Analysis of COVID-19 data for countries deviating from the (HFF) 2 kinetic motif

A large number of countries, besides the four analyzed, followed the (HFF) 2 kinetic motif shown in Figure 4, e.g., Australia, China, Germany, Austria, United Kingdom. Yet, several countries did not exhibit the (HFF) 2 motif, lacking a second wave and followed a “herd-fuzzy-fractal” (HFF) kinetic motif. Argentina and Brazil are examples of countries where strict/mild preventive measures were either not applied or did not work effectively.
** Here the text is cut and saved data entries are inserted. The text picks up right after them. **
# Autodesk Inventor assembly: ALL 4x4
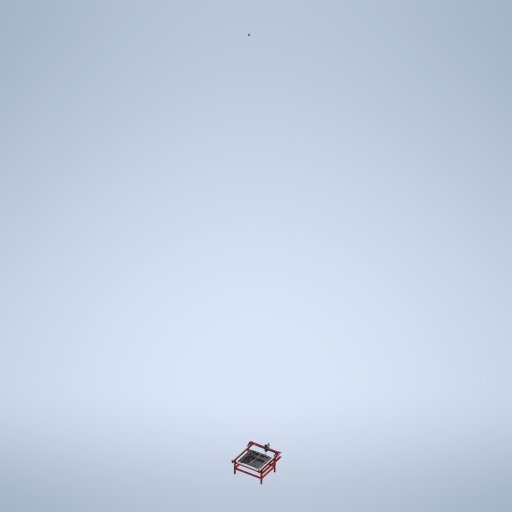
[picture p0: Inventor's stored thumbnail of the model, 512x512]
Saved by Autodesk Inventor 2023 (Build 270158000, 158)
## iProperties
Created: 2018-01-20
Part Number: ALL 4x4
Document SubType Name: Assembly
Designer: torba
Author: torba
## Documents named in this file (8)
- C:\Users\torba\Nextcloud\Global Documents\Projects\Inventor\Plasma 5x10\ALL 4x4.iam
- C:\Users\torba\Nextcloud\Global Documents\Projects\Inventor\Plasma 5x10\Lower Frame 4x4.iam
- C:\Users\torba\Nextcloud\Global Documents\Projects\Inventor\Plasma 5x10\Gantry 4x4.iam
- C:\Users\torba\Nextcloud\Global Documents\Projects\Inventor\Plasma 5x10\z.iam
- C:\Users\torba\Nextcloud\Global Documents\Projects\Inventor\Plasma 5x10\C4 Channel\C4 Channel-72.ipt
- C:\Users\torba\OneDrive\Documents\Inventor\Plasma 5x10\C4 Channel.ipt
- C:\Users\torba\Nextcloud\Global Documents\Projects\Inventor\Plasma 5x10\Torch Holder Assembly V2.iam
- C:\Users\torba\Nextcloud\Global Documents\Projects\Inventor\Plasma 5x10\Water Table 4x4 v2.iam
## Components (6 placed, 6 different names)
1. Water Table 4x4 v2:1 [sub-assembly] — Mate:1, Mate:6, Flush:4
2. Lower Frame 4x4:1 [sub-assembly] — Mate:1, Tangent:1, Tangent:2, Tangent:3, Tangent:5, Mate:3, Mate:4, Flush:2, Mate:6, Flush:4
3. Gantry 4x4:1 [sub-assembly] — Tangent:1, Tangent:2, Tangent:3, Tangent:5, Angle:1, Angle:2, Tangent:6, Tangent:7, Mate:3
4. z:1 [sub-assembly] — Angle:1, Angle:2, Tangent:6, Tangent:7, Mate:5, Flush:3, Angle:3
5. C4 Channel-72:1 — Mate:4, Flush:2
6. Torch Holder Assembly V2:1 [sub-assembly] — Mate:5, Flush:3, Angle:3
## Relationships (17: Tangent 6, Mate 5, Angle 3, Flush 3)
- Mate:1: Water Table 4x4 v2:1 ↔ Lower Frame 4x4:1
- Tangent:1: Lower Frame 4x4:1 ↔ Gantry 4x4:1
- Tangent:2: Lower Frame 4x4:1 ↔ Gantry 4x4:1
- Tangent:3: Lower Frame 4x4:1 ↔ Gantry 4x4:1
- Tangent:5: Lower Frame 4x4:1 ↔ Gantry 4x4:1
- Angle:1 (0 deg): Gantry 4x4:1 ↔ z:1
- Angle:2 (0 deg): Gantry 4x4:1 ↔ z:1
- Tangent:6: Gantry 4x4:1 ↔ z:1
- Tangent:7: Gantry 4x4:1 ↔ z:1
- Mate:3: Lower Frame 4x4:1 ↔ Gantry 4x4:1
- Mate:4: Lower Frame 4x4:1 ↔ C4 Channel-72:1
- Flush:2: Lower Frame 4x4:1 ↔ C4 Channel-72:1
- Mate:5: z:1 ↔ Torch Holder Assembly V2:1
- Flush:3 (6.35 mm): z:1 ↔ Torch Holder Assembly V2:1
- Angle:3 (0 deg): z:1 ↔ Torch Holder Assembly V2:1
- Mate:6 (101.6 mm): Water Table 4x4 v2:1 ↔ Lower Frame 4x4:1
- Flush:4: Water Table 4x4 v2:1 ↔ Lower Frame 4x4:1

Both countries exhibit an (HFF) kinetic motif, Figure 5. Parameter values determined: Argentina, 1 st stage: ( h = 1), β = 1.929 ± 0.028; 2 nd stage: h = 2.189 ± 0.043, α = (1.754 ± 0.067) × 10 −3 (days) −1, c = 3.61 ± 0.38; Brazil, 1 st stage: ( h = 1), β = 4.633 ± 0.017; 2 nd stage: h = 2.892 ± 0.023, α = (4.044 ± 0.017) × 10 −3 (days) −1, c = 21.86 ± 0.24.

Figure 5.

I( t) versus time plots for Argentina and Brazil.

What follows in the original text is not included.